PROBLEM STATEMENT: Counting only lines that contain the string "Crystals", how many are there in the data? Say the number alone.

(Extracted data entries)
==================================================
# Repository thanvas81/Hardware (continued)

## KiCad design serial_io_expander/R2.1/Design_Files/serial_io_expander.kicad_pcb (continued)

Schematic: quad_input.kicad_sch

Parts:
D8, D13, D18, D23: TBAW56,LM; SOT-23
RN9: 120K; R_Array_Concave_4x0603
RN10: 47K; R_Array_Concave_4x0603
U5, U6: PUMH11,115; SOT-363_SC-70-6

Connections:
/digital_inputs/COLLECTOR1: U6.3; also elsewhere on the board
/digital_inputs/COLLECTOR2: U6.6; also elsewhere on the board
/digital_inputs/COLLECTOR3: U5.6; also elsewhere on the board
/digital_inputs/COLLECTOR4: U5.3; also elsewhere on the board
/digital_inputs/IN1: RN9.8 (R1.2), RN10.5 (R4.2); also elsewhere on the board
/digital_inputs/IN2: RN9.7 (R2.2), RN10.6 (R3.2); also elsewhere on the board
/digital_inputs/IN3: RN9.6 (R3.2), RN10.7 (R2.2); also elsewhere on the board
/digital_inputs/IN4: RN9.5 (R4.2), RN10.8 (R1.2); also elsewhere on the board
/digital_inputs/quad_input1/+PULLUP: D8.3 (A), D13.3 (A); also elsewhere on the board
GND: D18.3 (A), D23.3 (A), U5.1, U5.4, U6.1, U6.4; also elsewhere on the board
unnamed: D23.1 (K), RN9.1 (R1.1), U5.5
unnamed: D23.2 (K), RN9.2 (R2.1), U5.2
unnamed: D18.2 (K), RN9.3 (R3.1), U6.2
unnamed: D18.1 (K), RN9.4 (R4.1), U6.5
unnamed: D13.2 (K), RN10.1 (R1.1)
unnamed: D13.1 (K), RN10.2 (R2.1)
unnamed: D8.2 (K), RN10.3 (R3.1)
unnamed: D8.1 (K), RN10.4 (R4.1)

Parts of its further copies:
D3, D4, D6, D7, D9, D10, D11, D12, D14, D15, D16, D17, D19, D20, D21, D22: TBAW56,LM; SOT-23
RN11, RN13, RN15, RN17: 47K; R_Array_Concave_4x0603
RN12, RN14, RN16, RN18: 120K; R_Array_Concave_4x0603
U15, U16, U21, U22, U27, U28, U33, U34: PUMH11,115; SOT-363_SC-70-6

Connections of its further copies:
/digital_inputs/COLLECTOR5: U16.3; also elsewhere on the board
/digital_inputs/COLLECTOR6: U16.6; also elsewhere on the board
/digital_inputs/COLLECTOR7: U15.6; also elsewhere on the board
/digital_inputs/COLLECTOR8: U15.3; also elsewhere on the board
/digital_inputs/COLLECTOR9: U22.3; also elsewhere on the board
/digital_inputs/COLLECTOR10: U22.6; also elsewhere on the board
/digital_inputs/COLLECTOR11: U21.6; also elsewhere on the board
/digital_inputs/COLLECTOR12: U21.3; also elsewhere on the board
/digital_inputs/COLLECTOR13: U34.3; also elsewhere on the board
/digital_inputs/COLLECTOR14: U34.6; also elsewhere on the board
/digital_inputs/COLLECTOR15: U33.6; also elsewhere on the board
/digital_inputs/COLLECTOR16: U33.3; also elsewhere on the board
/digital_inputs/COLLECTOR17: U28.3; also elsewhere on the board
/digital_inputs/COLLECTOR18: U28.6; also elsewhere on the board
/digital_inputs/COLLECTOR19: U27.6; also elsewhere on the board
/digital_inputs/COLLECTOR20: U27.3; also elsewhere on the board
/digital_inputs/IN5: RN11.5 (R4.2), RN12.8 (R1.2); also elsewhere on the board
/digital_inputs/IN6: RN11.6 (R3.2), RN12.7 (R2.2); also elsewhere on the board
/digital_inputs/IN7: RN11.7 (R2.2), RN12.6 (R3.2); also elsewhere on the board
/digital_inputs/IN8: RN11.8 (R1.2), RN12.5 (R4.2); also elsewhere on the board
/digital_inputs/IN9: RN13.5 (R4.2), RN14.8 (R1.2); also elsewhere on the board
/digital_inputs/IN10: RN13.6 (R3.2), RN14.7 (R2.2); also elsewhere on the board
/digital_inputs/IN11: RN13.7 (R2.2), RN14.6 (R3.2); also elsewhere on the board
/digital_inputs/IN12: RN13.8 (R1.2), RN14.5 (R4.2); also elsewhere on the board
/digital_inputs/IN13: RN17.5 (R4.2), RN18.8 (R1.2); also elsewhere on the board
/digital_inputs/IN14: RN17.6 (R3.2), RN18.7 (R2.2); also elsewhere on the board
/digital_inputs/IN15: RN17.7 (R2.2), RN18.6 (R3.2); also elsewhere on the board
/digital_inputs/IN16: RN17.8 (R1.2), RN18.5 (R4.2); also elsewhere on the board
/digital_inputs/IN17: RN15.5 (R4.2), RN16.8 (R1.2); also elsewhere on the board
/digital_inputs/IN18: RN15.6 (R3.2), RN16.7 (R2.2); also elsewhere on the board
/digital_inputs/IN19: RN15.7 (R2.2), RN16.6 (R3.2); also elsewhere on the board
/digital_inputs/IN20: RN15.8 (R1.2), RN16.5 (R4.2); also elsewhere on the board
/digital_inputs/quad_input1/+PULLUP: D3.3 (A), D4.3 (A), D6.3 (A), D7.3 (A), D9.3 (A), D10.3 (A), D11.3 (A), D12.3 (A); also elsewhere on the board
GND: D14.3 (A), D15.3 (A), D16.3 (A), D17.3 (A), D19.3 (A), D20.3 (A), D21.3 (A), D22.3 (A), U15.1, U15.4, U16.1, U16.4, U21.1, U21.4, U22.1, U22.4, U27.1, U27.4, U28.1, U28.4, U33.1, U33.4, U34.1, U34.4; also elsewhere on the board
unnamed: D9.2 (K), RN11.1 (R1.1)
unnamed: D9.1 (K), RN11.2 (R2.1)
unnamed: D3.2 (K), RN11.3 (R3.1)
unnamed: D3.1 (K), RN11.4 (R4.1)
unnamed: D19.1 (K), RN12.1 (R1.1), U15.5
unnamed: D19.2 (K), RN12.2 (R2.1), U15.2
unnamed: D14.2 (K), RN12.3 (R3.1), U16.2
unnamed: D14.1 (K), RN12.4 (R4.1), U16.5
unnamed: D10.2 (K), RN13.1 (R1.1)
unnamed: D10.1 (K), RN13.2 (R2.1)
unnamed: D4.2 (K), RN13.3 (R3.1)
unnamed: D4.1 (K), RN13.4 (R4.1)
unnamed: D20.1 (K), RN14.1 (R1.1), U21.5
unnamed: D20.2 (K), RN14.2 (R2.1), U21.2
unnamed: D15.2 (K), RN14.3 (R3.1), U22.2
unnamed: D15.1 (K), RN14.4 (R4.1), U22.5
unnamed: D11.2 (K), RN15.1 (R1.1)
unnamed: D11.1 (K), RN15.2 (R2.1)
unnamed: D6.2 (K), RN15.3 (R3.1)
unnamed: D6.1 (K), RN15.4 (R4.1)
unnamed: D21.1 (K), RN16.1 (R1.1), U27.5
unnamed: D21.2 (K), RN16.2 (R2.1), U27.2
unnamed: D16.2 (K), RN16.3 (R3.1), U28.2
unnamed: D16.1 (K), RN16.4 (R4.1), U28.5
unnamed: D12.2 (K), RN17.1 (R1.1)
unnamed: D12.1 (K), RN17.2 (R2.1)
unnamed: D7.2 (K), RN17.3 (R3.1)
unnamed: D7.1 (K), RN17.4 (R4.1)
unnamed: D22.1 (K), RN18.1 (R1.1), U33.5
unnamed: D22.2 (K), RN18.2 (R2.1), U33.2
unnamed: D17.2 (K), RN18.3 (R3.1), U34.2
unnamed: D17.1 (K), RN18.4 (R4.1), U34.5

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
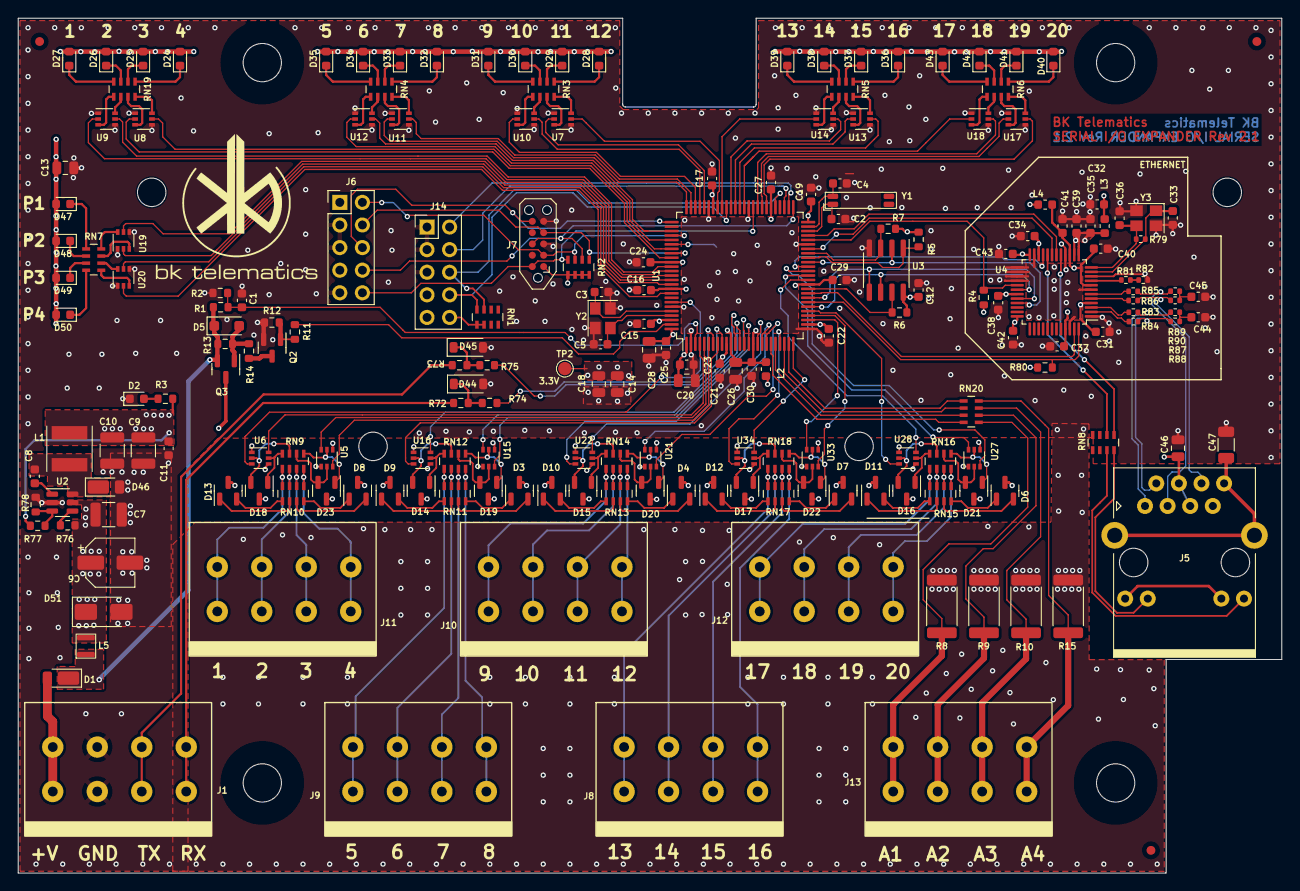
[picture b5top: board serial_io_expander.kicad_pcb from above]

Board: 4 copper layers, 142.0 x 96.1 mm, 212 parts (1 on the bottom side), 232 nets.

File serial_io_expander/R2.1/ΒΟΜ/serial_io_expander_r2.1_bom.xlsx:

Reference | Qty | Value | Manufacturer | Part No | Description | Footprint | DNP
C1, C8, C11, C12, C15, C16, C17, C19, C21, C22, C23, C24, C25, C27, C29, C30, C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 | 28 | 0.1u | Wurth Elektronik | 885012206095 | MLCC SMD 0.1uF 0603 10% 50V | 0603
C2, C3, C4, C5 | 4 | 18pF | Walsin | 0603N180J160CT | MLCC 50 V 18 pF C0G 0603 5% | 0603
C6 | 1 | 10u | Wurth Elektronik | 865080642006 | Aluminium Electrolytic Capacitors - SMD 50V 10uF 5X5.3 | CP_Elec_5x5.3
C7 | 1 | 2.2u | Samsung Electro-Mechanics | CL32B225KBJNNNE | MLCC SMD 2.2uF 10% 50V X7R 1210 | 1210
C9, C10 | 2 | 22u | Samsung Electro-Mechanics | CL32A226MOJNNNE | MLCC - SMD/SMT 22uF+/-10% 10V X5R 3 1210 | 1210
C13, C18 | 2 | 10u | Samsung Electro-Mechanics | CL21A106KOQNNNF | MLCC - SMD 10uF 10% 16V X5R 2 0805 | 0805
C14, C20, C26, C28 | 4 | 4.7u | Samsung Electro-Mechanics | CL21A475KAQNNNE | MLCC - SMD 4.7uF 10% 16V X5R 0805 | 0805
C33, C36 | 2 | 12p | Samsung Electro-Mechanics | CL10C120JB81PNC | MLCC - SMD 12pF 5%, 50V | 0603
C39 | 1 | 3.3u | TDK | C1608X6S1C335K080AC | MLCC - SMD 3.3uF 10% 10V X5R 0603 | 0603
C46 | 1 | 1u | Walsin | 0805B105K160CT | MLCC - SMD 50V 1uF X7R 0805 10% | 0805
C47 | 1 | 1n/2kV | Wurth Elektronik | 885342208024 | MLCC - SMD/SMT 2Kvolts 1000pF 10% X7R | 1206
D1, D46 | 2 | SBR3U60P1Q-7 | Diodes Incorporated | SBR3U60P1Q-7 | Schottky Diodes & Rectifiers 3A SBR 60Vrrm 3A 0.62Vf 100Ir | PowerDI-123-2
D2, D24, D25, D26, D27, D28, D29, D30, D31, D32, D33, D34, D35, D36, D37, D38, 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 | 25 | LED_Small_Filled | Kingbright | APT1608SEC/J3-AMT | Standard LEDs - SMD 1.6x0.8mm Red | 0603
D3, D4, D6, D7, D8, D9, D10, D11, D12, D13, D14, D15, D16, D17, D18, D19, D20, 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 | 20 | TBAW56,LM | Toshiba | TBAW56,LM | Schottky Diodes & Rectifiers Switching Diode 80V 215mA | SOT-23
D5 | 1 | 8.2V | Panjit | BZT52-B8V2_R1_00001 | Zener Diodes 8.2 Volt 0.5W 2% | SOD-123F
D44, D45 | 2 | 3V | Micro Commercial Components (MCC) | MMSZ4684-TP | Zener Diodes 3.3V 500mW 7.5uA | SOD-123
D51 | 1 | SMAJ40CAe3/TR13 | Microchip Technology | SMAJ40CAe3/TR13 | ESD Suppressors / TVS Diodes TVS | SMA
J1, J8, J9, J10, J11, J12, J13 | 7 | Conn_01x04 | MULTICOMP | MP008126 | Wire-To-Board Terminal Block, 5 mm, 4 Ways, 28 AWG, 12 AWG, Clamp | -
J5 | 1 | ARJM11B1-009-AB-EW2 | ABRACON | ARJM11B1-009-AB-EW2 | Ethernet Connector RJ45 JACK W/MAG 1X1 100BASE-T | -
J6 | 1 | - | - | - | Header pin 2x5 2.54mm vertical | - | 1
J14 | 1 | - | - | - | Header pin 2x5 2.54mm vertical | - | 1
L1 | 1 | 22uH | TAIYO YUDEN | NRS5020T220MMGJ | Power inductor 22uH 20% 1A | 5020
L2 | 1 | 10uH | TDK | MLZ1608E100MT | Power Inductors - SMD 0603 10uH 20% | 0603
L3, L4 | 2 | Ferrite 300 Ohm | Coiltronics / Eaton | MFBA2V1608-301-R | Ferrite Beads Ferrite B IND 300 OHM 1A 2 PADS SMT | 0603
L5 | 1 | 4.7uH | TDK | VLS252012HBX-4R7M-1 | Power Inductors SMD 4.7uH 1.9A 240mOhms Power Circuits | 1008
Q2 | 1 | MMBT3904 | Taiwan Semiconductor | MMBT3904 RFG | Bipolar Transistors - BJT 60V, 0.2A, NPN Bipolar Transistor | SOT-23
Q3 | 1 | BSS84 | Nexperia | BSS84AK,215 | P channel mosfet SMD 180mA 1 channel 50V SOT-23 | SOT-23
R1, R4, R5, R6, R7, R76 | 6 | 100K | Vishay / Dale | CRCW0603100KFKEA | CHIP RES 100K 0603 1% SMD | 0603
R2, R11, R12, R13, R14, R78, R80 | 7 | 10K | Panasonic | ERJ-3EKF1002V | CHIP RES 10K 0603 1% SMD | 0603
R3 | 1 | 470R | YAGEO | AC0603JR-7W470RL | CHIP RES 470Ω 0603 5% SMD | 0603
R8, R9, R10, R15 | 4 | 150R | TE Connectivity / Holsworthy | CRGP2512F150R | CHIP RES 150Ω 2512 1% SMD 2W | 2512
R72, R73 | 2 | 4K7 | YAGEO | RT0603FRE074K7L | CHIP RES 4.7K 1% 0603 SMD | 0603
R74, R75 | 2 | 100R | YAGEO | RT0603FRE10100RL | CHIP RES 100Ω 0603 1% SMD | 0603
R77 | 1 | 33K | YAGEO | RT0603FRE1033KL | CHIP RES 33K 1% 0603 SMD | 0603
R79 | 1 | 1M | - | - | - | 0402 | 1
R81 | 1 | 300R | YAGEO | RT0402FRE07300RL | CHIP RES 300Ω 1% 0402 SMD | 0402
R82 | 1 | 12K | Bourns | CR0402-FX-1202GLF | CHIP RES 12K 1% 0402 SMD | 0402
R83, R84, R85, R86 | 4 | 3R3 | Bourns | CR0402-F/-3R30GLF | CHIP RES 3.3Ω 1% 0402 SMD | 0402
R87, R88, R89, R90 | 4 | 49R9 | YAGEO | RT0402FRE0749R9L | CHIP RES 49.9Ω 1% 0402 SMD | 0402
RN1 | 1 | 4K7 | IRC | BCN164A472J13 | RES NET 4.7K 5% 1206 SMD | 1206
RN2 | 1 | 100K | Bourns | CAY16-1003F4LF | RES NET 100K 1% 1206 SMD | 1206
RN3, RN4, RN5, RN6, RN7, RN19 | 6 | R_Pack04_Split | Bourns | CAT16-1800F4LF | RES NET 180Ω 1% 1206 SMD | 1206
RN8 | 1 | 470R | Bourns | CAT16-4700F4LF | RES NET 470Ω 1% 1206 SMD | 1206
RN9, RN12, RN14, RN16, RN18 | 5 | 120K | Bourns | CAT16-124J4LF | RES NET 120K 1% 1206 SMD | 1206
RN10, RN11, RN13, RN15, RN17 | 5 | 47K | Bourns | CAT16-4702F4LF | RES NET 47K 1% 1206 SMD | 1206
RN20 | 1 | 10K | Bourns | CAT16-103J4LF | RES NET 10K 5% 1206 SMD | 1206
U1 | 1 | ATSAM4S4C | Microchip Technology | ATSAM4S4CA-AUR | ARM MCU ATSAM4S4C Microchip 100LQFP | LQFP100
U2 | 1 | LV2862x | Texas Instruments | LV2862XLVDDCR | Switching Voltage Regulators 4.5-V to 60-V, 600-mA buck converter in ultra-smal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 | SOT-23-6
U3 | 1 | AT25SF321B-SSHB-X | Renesas / Dialog | AT25SF321B-SSHB-T | NOR Flash 32 Mbit, 3.0V (2.7V to 3.6V), -40C to 85C, SOIC-N 150mil (Tape & Reel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 | SOIC8
U4 | 1 | W6100L | WIZnet | W6100L | Ethernet ICs 3-in-1 Ethernet Controller : TCP/IP +MAC+PHY | LQFP48
U5, U6, U7, U8, U9, U10, U11, U12, U13, U14, U15, U16, U17, U18, U19, U20, U21,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 | 22 | PUMH11,115 | Nexperia | PUMH1,115 | Bipolar Transistors - Pre-Biased PUMH1/SOT363/SC-88 | SOT-363
Y1 | 1 | 9HT7-32.768KDZF-T | TXC Corporation | WC146SMF-32.768KHZ-T | Crystals 32.768KHz 20ppm 12.5pF | -
Y2 | 1 | 12MHz | ABRACON | ABM8G-12.000MHZ-18-D2Y-T | Crystals AEC-Q200 12MHz 8pF 3.2x2.5mm | -
Y3 | 1 | 25MHz | ABRACON | ABM8G-25.000MHZ-18-D2Y-T | Crystal 25MHz SMD | -

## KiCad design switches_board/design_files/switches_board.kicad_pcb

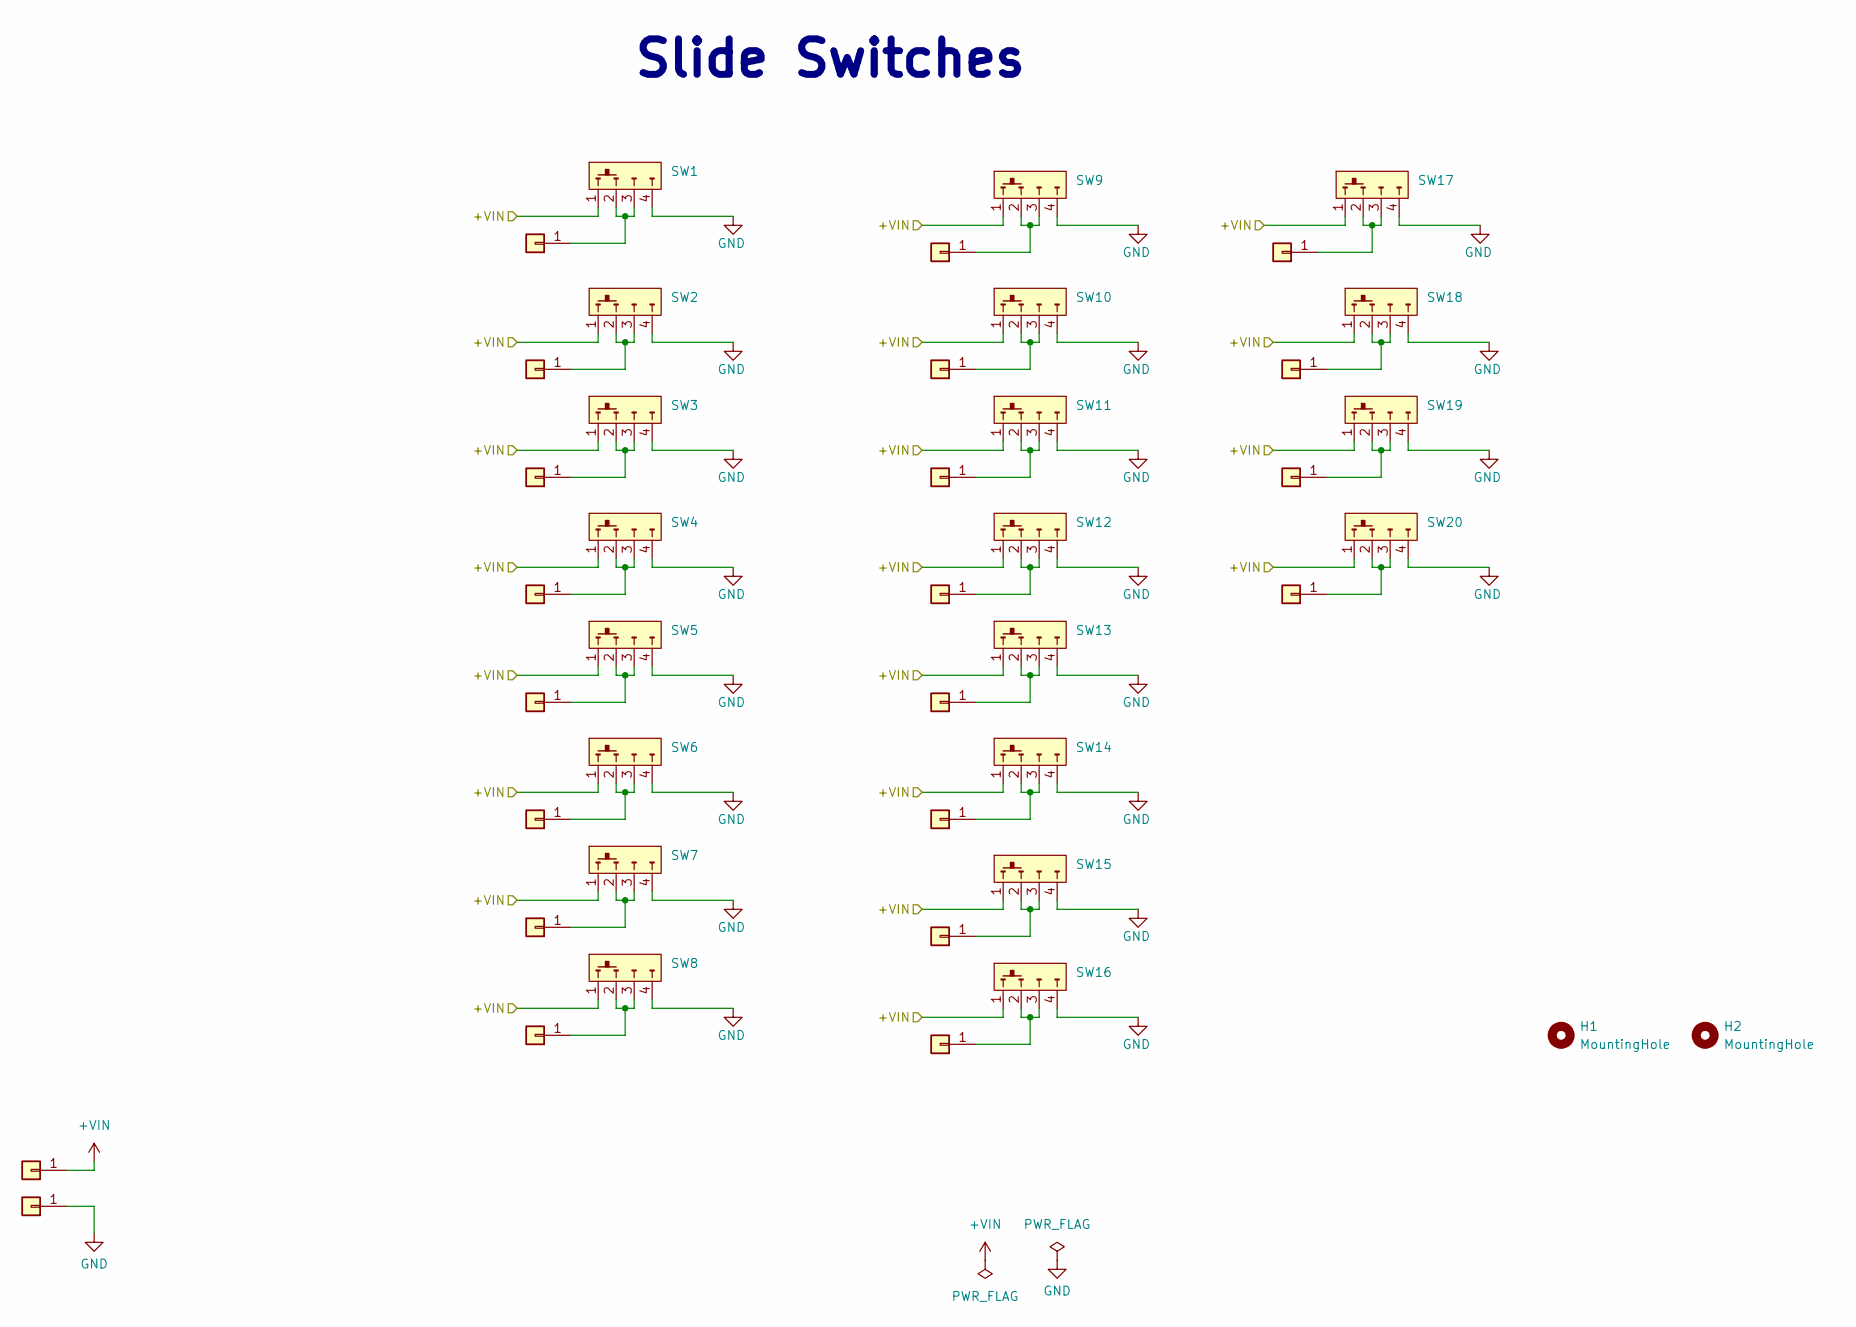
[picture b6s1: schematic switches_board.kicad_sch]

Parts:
H1, H2: MountingHole; MountingHole_3.2mm_M3_DIN965
J1, J2, J3, J4, J5, J6, J7, J8, J9, J10, J11, J12, J13, J14, J15, J16, J17, J18, J19, J20, J21, J22: Conn_01x01; Simple_hole_pad_3x1.5
SW1, SW2, SW3, SW4, SW5, SW6, SW7, SW8, SW9, SW10, SW11, SW12, SW13, SW14, SW15, SW16, SW17, SW18, SW19, SW20: SLW-156646-5A-N-D; PartID 999

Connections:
+VIN: J1.1, SW1.1, SW2.1, SW3.1, SW4.1, SW5.1, SW6.1, SW7.1, SW8.1, SW9.1, SW10.1, SW11.1, SW12.1, SW13.1, SW14.1, SW15.1, SW16.1, SW17.1, SW18.1, SW19.1, SW20.1
GND: J2.1, SW1.4, SW2.4, SW3.4, SW4.4, SW5.4, SW6.4, SW7.4, SW8.4, SW9.4, SW10.4, SW11.4, SW12.4, SW13.4, SW14.4, SW15.4, SW16.4, SW17.4, SW18.4, SW19.4, SW20.4
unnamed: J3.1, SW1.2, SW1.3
==================================================
EXERCISE ANSWER: 2